_AVAILABLE RECORDS_
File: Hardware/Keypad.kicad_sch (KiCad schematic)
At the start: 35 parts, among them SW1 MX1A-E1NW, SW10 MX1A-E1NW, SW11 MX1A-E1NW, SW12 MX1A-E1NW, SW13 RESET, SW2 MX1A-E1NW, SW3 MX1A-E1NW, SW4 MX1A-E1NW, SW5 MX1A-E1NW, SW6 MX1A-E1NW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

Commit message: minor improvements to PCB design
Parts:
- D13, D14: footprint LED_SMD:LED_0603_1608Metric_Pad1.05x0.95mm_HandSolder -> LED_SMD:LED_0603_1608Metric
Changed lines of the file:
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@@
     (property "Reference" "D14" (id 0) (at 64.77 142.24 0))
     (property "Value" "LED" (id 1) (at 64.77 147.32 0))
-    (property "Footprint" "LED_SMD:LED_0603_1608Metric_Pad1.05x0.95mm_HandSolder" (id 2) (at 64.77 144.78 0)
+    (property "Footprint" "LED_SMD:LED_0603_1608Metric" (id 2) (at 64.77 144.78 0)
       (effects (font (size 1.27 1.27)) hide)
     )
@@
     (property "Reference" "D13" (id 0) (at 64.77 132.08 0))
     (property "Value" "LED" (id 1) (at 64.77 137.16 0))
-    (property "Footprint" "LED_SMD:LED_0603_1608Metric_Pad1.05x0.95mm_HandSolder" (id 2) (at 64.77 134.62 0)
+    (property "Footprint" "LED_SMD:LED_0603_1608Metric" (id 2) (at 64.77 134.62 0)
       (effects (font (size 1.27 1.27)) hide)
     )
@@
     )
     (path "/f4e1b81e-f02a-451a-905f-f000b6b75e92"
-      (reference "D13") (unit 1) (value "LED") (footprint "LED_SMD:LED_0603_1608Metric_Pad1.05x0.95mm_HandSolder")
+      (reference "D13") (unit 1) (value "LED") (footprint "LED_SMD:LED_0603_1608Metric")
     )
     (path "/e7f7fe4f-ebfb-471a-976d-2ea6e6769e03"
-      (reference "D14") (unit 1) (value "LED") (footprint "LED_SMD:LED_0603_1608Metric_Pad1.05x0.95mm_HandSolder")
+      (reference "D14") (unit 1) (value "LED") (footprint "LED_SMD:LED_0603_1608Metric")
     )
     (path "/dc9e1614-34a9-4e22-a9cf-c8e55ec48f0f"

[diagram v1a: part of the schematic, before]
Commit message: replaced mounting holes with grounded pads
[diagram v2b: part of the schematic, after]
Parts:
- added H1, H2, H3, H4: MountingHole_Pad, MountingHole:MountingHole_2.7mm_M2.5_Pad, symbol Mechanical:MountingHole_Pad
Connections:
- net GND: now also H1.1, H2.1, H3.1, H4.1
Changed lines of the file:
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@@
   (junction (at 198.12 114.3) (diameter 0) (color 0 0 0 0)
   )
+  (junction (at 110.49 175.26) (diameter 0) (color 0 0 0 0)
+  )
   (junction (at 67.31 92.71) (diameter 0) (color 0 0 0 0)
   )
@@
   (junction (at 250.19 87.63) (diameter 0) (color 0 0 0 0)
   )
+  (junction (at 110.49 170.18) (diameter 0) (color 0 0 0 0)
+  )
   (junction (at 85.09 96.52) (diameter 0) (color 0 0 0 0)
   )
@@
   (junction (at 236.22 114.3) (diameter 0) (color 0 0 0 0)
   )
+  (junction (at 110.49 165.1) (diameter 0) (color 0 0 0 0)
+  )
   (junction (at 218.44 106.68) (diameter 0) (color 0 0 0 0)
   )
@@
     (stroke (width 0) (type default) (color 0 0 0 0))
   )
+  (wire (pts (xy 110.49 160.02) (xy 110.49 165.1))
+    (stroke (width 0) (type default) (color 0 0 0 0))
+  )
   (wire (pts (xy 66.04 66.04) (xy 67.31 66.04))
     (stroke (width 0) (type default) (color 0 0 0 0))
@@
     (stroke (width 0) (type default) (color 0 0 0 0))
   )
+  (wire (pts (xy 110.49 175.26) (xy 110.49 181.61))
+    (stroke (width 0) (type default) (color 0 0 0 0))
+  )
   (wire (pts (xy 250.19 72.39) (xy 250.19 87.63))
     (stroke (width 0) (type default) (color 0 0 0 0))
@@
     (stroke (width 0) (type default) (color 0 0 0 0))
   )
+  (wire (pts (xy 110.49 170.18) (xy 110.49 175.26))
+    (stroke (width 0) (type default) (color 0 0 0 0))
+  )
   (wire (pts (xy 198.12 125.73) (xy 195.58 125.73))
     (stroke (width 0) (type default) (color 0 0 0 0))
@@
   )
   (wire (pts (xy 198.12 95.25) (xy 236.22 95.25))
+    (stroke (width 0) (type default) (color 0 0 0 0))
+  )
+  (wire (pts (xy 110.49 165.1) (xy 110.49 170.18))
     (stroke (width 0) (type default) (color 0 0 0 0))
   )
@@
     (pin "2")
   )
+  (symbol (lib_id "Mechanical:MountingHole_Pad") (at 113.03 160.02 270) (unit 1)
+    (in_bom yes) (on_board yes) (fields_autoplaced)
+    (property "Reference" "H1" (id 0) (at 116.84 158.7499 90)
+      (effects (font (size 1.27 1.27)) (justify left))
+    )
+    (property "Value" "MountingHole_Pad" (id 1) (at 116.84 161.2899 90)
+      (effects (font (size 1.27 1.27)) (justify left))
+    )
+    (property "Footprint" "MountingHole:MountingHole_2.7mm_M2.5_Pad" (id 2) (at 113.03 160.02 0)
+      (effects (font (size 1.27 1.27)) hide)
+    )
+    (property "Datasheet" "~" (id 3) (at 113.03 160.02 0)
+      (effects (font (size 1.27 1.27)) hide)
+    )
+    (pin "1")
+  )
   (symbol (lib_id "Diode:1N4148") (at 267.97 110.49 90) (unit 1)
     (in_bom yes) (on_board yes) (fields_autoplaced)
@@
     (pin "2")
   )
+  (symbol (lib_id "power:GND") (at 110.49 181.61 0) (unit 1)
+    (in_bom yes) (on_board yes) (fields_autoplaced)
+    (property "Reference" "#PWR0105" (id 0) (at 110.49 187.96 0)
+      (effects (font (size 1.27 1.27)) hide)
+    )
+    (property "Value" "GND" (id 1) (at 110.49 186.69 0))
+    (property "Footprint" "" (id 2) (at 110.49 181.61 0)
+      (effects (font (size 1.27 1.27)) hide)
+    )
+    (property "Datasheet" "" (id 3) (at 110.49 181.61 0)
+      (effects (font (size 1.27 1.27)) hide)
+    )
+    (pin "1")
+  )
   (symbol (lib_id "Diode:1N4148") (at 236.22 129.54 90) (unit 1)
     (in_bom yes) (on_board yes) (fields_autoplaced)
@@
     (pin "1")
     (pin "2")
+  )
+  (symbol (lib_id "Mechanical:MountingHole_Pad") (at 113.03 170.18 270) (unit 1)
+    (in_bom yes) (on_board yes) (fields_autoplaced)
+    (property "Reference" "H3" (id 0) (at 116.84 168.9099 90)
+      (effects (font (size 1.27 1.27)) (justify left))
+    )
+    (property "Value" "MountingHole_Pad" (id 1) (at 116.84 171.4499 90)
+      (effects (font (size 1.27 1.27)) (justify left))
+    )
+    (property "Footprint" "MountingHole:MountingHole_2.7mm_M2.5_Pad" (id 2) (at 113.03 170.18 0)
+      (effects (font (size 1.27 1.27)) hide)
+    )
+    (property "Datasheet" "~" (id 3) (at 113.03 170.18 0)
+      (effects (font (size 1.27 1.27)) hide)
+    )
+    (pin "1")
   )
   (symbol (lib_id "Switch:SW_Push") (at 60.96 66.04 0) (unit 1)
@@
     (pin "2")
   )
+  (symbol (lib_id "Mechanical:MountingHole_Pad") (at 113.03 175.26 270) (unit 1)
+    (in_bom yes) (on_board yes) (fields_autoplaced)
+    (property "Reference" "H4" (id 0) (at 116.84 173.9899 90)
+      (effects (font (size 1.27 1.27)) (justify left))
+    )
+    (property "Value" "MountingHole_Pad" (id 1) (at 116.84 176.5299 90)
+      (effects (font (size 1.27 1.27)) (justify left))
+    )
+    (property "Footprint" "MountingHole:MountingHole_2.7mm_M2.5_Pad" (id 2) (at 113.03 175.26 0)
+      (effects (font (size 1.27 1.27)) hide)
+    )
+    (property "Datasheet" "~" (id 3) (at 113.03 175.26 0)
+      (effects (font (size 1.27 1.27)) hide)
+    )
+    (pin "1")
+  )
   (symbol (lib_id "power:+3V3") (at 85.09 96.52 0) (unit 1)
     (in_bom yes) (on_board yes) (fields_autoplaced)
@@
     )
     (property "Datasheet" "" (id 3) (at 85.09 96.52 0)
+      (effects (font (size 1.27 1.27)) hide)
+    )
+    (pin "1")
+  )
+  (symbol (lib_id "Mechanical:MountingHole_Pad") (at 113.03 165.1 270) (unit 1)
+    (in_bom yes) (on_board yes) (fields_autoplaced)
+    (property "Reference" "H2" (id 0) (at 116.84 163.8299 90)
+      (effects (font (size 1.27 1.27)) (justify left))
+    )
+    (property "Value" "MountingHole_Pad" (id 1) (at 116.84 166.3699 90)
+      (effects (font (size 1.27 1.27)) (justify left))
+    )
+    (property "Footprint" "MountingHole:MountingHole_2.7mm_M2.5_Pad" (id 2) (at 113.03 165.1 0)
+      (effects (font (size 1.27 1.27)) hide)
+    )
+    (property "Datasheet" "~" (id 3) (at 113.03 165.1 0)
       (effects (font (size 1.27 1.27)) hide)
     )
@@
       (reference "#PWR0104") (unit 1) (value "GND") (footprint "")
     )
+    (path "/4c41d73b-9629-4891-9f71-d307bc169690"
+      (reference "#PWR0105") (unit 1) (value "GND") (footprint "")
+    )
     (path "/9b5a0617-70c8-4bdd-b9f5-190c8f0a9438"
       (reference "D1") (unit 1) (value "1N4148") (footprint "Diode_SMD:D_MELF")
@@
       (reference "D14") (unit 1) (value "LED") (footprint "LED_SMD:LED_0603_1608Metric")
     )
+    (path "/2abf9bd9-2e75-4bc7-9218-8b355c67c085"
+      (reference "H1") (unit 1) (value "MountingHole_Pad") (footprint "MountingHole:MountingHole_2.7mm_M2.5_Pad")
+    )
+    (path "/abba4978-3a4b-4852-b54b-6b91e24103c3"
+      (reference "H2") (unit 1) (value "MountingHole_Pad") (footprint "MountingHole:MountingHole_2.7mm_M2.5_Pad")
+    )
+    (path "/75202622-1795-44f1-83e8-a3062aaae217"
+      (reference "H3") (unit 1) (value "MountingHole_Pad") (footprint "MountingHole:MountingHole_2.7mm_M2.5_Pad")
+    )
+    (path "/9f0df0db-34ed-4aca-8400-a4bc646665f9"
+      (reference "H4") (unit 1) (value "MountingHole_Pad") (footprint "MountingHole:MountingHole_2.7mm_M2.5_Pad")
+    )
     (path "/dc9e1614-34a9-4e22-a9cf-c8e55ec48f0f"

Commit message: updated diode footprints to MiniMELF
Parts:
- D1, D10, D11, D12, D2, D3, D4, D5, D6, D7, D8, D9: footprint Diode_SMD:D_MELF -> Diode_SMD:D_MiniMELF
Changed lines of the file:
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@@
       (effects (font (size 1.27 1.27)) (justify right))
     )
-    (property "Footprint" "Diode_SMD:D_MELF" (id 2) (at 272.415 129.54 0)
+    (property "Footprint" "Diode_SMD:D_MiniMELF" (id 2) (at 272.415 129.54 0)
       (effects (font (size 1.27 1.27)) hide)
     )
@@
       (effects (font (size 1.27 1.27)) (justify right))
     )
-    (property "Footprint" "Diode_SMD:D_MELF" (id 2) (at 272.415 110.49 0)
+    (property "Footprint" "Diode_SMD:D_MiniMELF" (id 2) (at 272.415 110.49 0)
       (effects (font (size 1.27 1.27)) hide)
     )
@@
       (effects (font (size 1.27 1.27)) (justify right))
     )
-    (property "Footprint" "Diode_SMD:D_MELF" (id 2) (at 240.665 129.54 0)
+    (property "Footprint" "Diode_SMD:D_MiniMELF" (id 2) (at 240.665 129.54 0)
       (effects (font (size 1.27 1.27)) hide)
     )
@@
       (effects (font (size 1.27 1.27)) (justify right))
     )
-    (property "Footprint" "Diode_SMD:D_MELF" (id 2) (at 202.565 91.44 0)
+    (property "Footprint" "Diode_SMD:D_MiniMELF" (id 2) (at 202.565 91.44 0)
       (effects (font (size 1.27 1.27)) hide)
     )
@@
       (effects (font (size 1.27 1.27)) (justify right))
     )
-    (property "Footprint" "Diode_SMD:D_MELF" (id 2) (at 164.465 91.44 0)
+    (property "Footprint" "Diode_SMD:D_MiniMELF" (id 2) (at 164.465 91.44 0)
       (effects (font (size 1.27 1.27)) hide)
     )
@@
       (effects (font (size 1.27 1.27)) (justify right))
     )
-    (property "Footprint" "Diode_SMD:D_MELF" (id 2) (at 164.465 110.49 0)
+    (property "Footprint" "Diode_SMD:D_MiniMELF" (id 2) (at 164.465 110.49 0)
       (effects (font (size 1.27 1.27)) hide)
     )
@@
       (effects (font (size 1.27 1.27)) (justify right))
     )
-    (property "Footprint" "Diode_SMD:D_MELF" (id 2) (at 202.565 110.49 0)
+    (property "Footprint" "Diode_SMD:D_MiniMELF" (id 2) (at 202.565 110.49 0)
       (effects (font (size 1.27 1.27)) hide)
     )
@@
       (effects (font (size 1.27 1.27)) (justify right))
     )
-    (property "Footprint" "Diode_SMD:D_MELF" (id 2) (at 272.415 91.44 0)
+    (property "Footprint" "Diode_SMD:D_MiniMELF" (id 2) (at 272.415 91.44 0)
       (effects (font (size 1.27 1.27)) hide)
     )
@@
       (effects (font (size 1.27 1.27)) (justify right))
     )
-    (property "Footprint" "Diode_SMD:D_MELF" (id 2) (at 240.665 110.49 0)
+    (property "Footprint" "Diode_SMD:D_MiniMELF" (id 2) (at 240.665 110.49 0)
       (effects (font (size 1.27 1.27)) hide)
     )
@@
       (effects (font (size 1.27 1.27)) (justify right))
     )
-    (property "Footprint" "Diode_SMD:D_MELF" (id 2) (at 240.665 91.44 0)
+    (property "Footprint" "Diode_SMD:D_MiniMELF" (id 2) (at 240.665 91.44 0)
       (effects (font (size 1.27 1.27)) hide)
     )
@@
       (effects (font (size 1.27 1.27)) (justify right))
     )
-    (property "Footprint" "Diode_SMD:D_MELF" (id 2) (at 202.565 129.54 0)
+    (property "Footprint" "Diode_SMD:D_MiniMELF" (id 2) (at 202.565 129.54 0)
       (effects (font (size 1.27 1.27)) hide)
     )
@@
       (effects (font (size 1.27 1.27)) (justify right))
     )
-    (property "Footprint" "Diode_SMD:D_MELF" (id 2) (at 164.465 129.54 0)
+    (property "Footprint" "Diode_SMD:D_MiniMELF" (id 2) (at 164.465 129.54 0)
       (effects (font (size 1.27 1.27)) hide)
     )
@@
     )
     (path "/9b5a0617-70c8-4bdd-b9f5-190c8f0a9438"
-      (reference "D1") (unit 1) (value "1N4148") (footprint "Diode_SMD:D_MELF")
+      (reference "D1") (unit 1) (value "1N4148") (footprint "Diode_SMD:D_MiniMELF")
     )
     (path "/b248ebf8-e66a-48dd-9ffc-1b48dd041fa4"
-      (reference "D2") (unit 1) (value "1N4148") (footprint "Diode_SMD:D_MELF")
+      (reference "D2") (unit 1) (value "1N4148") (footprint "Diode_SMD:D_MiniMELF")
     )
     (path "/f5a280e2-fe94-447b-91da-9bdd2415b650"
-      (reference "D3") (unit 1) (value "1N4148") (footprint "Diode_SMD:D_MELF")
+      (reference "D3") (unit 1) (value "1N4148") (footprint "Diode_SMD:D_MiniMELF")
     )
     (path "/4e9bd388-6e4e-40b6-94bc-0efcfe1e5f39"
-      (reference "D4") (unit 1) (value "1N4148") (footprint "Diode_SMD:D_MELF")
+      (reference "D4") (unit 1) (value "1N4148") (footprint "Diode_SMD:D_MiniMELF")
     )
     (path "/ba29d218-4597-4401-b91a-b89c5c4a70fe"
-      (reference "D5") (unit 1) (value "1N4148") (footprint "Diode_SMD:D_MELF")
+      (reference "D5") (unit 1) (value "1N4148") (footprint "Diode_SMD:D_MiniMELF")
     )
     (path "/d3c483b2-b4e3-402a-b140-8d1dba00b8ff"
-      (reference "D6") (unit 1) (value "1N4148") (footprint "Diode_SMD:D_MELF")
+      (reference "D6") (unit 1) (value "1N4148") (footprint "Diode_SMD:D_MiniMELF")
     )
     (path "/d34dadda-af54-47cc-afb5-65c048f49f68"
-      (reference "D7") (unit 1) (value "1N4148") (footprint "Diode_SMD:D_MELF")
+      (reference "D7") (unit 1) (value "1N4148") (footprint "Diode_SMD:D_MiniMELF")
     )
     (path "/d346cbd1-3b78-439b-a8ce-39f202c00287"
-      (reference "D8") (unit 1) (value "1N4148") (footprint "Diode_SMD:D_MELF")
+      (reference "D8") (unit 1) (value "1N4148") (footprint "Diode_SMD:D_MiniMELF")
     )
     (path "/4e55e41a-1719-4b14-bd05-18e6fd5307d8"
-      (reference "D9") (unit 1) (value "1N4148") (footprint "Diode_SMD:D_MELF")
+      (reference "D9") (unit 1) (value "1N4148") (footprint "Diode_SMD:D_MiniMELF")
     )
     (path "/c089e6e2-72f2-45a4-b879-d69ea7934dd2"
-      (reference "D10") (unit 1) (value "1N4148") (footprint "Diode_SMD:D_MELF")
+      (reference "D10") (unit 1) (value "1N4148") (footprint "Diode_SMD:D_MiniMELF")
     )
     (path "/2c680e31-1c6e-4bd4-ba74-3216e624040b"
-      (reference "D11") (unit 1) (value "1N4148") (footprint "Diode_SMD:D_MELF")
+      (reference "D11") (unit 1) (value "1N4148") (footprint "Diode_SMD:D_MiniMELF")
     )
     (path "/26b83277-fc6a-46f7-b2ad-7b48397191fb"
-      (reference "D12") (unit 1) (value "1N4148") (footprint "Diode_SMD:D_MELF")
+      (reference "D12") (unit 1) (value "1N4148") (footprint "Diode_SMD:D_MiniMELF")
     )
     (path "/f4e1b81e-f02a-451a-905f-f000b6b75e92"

_YOUR TASK_
Go through the entries and copy every line with "diameter".

_YOUR SOLUTION_
   (junction (at 198.12 114.3) (diameter 0) (color 0 0 0 0)
+  (junction (at 110.49 175.26) (diameter 0) (color 0 0 0 0)
   (junction (at 67.31 92.71) (diameter 0) (color 0 0 0 0)
   (junction (at 250.19 87.63) (diameter 0) (color 0 0 0 0)
+  (junction (at 110.49 170.18) (diameter 0) (color 0 0 0 0)
   (junction (at 85.09 96.52) (diameter 0) (color 0 0 0 0)
   (junction (at 236.22 114.3) (diameter 0) (color 0 0 0 0)
+  (junction (at 110.49 165.1) (diameter 0) (color 0 0 0 0)
   (junction (at 218.44 106.68) (diameter 0) (color 0 0 0 0)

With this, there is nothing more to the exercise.